Source records

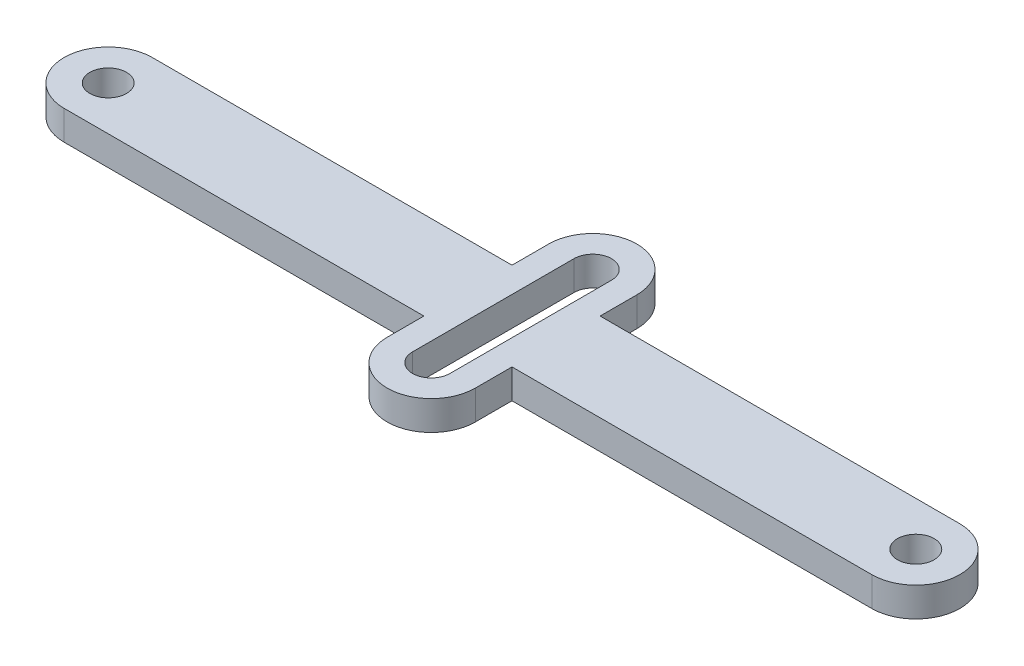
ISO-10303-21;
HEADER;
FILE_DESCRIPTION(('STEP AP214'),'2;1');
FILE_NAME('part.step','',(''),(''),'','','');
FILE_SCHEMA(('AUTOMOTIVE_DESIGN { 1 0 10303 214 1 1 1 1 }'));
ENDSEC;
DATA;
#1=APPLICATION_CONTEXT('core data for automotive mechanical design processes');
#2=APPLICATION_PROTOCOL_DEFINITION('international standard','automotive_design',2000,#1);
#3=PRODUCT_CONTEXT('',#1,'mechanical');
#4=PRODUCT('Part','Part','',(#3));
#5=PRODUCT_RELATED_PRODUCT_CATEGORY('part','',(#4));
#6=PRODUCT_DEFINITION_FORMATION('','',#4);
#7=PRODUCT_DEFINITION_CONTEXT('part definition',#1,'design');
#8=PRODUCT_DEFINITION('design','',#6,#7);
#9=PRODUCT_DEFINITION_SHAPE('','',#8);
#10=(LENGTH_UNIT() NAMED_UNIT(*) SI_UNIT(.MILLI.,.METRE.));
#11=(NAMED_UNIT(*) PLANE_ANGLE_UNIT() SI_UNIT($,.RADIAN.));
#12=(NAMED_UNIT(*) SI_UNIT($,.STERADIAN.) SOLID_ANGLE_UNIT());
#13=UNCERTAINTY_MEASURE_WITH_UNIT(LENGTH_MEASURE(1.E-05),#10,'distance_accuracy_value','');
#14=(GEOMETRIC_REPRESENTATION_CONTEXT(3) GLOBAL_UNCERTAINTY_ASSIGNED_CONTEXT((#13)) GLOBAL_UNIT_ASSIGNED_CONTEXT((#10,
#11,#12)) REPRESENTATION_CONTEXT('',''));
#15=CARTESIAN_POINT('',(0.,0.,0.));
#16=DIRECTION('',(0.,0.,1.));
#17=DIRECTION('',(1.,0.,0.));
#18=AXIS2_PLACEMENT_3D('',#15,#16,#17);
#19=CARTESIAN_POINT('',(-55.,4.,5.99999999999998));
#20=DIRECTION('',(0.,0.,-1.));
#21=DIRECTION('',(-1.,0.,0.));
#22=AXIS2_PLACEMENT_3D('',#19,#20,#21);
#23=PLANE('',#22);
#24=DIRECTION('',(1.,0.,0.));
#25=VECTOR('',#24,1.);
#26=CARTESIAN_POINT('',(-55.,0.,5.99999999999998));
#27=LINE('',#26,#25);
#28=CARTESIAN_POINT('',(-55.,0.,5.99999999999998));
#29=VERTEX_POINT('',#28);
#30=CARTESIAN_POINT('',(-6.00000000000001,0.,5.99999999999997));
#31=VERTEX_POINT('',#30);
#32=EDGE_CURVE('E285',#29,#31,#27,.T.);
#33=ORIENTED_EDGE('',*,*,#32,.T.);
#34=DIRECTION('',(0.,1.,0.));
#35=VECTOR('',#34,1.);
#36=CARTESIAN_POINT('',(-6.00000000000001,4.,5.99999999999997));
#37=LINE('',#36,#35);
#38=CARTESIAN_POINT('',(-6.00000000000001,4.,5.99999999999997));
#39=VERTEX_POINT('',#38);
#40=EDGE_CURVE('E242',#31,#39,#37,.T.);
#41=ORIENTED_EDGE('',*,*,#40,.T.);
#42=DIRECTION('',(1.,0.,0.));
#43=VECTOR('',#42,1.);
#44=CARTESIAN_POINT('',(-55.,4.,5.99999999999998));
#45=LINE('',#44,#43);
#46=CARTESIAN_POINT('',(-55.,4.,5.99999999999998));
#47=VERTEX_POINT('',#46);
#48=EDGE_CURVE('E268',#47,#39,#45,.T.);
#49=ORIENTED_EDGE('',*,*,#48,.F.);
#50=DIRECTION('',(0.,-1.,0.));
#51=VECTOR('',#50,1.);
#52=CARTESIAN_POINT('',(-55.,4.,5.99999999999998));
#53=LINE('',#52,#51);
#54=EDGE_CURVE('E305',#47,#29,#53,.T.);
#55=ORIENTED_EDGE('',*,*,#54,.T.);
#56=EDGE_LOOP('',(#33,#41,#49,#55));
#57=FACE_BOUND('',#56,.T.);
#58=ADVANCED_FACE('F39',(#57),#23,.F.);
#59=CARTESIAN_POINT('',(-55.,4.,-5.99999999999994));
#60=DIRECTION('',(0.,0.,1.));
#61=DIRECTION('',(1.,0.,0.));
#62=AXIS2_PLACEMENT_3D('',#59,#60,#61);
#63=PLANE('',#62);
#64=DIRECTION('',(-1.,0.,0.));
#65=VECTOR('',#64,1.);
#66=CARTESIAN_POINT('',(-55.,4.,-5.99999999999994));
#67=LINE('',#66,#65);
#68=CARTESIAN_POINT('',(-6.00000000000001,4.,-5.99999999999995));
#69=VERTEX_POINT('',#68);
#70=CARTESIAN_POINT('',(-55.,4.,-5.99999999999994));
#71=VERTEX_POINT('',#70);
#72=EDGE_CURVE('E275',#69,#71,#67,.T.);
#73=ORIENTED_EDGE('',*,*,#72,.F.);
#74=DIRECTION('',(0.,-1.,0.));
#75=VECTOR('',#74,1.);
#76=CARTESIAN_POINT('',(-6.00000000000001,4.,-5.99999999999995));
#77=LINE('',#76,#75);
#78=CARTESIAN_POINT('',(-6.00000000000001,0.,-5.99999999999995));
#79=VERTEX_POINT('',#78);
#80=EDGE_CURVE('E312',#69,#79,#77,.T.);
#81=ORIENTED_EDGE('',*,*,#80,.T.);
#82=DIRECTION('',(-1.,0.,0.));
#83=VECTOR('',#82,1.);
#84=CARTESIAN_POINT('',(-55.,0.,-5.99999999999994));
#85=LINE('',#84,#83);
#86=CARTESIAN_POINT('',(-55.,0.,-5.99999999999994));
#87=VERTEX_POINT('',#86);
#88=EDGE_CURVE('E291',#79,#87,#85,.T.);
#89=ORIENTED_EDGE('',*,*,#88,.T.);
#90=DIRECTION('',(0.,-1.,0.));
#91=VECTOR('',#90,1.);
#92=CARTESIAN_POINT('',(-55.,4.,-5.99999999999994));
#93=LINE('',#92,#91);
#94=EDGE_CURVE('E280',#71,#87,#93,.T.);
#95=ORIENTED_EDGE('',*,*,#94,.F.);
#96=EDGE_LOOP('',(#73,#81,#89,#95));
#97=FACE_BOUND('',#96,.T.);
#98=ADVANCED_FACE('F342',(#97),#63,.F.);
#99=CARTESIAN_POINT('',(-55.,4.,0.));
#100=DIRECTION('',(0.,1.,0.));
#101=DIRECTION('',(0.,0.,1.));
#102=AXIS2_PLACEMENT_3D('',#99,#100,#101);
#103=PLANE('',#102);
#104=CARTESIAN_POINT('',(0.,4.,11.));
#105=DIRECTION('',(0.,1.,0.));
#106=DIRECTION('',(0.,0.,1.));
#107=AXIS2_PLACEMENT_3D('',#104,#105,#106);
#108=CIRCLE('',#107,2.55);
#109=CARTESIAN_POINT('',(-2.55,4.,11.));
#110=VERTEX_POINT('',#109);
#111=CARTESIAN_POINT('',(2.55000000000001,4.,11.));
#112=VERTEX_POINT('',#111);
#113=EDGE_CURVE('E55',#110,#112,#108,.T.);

What is required
Look above for the line containing "#23=PLANE('',#22);". Output from there through the line containing "#72=EDGE_CURVE('E275',#69,#71,#67,.T.);", exactly and inclusively.

Result of the task
#23=PLANE('',#22);
#24=DIRECTION('',(1.,0.,0.));
#25=VECTOR('',#24,1.);
#26=CARTESIAN_POINT('',(-55.,0.,5.99999999999998));
#27=LINE('',#26,#25);
#28=CARTESIAN_POINT('',(-55.,0.,5.99999999999998));
#29=VERTEX_POINT('',#28);
#30=CARTESIAN_POINT('',(-6.00000000000001,0.,5.99999999999997));
#31=VERTEX_POINT('',#30);
#32=EDGE_CURVE('E285',#29,#31,#27,.T.);
#33=ORIENTED_EDGE('',*,*,#32,.T.);
#34=DIRECTION('',(0.,1.,0.));
#35=VECTOR('',#34,1.);
#36=CARTESIAN_POINT('',(-6.00000000000001,4.,5.99999999999997));
#37=LINE('',#36,#35);
#38=CARTESIAN_POINT('',(-6.00000000000001,4.,5.99999999999997));
#39=VERTEX_POINT('',#38);
#40=EDGE_CURVE('E242',#31,#39,#37,.T.);
#41=ORIENTED_EDGE('',*,*,#40,.T.);
#42=DIRECTION('',(1.,0.,0.));
#43=VECTOR('',#42,1.);
#44=CARTESIAN_POINT('',(-55.,4.,5.99999999999998));
#45=LINE('',#44,#43);
#46=CARTESIAN_POINT('',(-55.,4.,5.99999999999998));
#47=VERTEX_POINT('',#46);
#48=EDGE_CURVE('E268',#47,#39,#45,.T.);
#49=ORIENTED_EDGE('',*,*,#48,.F.);
#50=DIRECTION('',(0.,-1.,0.));
#51=VECTOR('',#50,1.);
#52=CARTESIAN_POINT('',(-55.,4.,5.99999999999998));
#53=LINE('',#52,#51);
#54=EDGE_CURVE('E305',#47,#29,#53,.T.);
#55=ORIENTED_EDGE('',*,*,#54,.T.);
#56=EDGE_LOOP('',(#33,#41,#49,#55));
#57=FACE_BOUND('',#56,.T.);
#58=ADVANCED_FACE('F39',(#57),#23,.F.);
#59=CARTESIAN_POINT('',(-55.,4.,-5.99999999999994));
#60=DIRECTION('',(0.,0.,1.));
#61=DIRECTION('',(1.,0.,0.));
#62=AXIS2_PLACEMENT_3D('',#59,#60,#61);
#63=PLANE('',#62);
#64=DIRECTION('',(-1.,0.,0.));
#65=VECTOR('',#64,1.);
#66=CARTESIAN_POINT('',(-55.,4.,-5.99999999999994));
#67=LINE('',#66,#65);
#68=CARTESIAN_POINT('',(-6.00000000000001,4.,-5.99999999999995));
#69=VERTEX_POINT('',#68);
#70=CARTESIAN_POINT('',(-55.,4.,-5.99999999999994));
#71=VERTEX_POINT('',#70);
#72=EDGE_CURVE('E275',#69,#71,#67,.T.);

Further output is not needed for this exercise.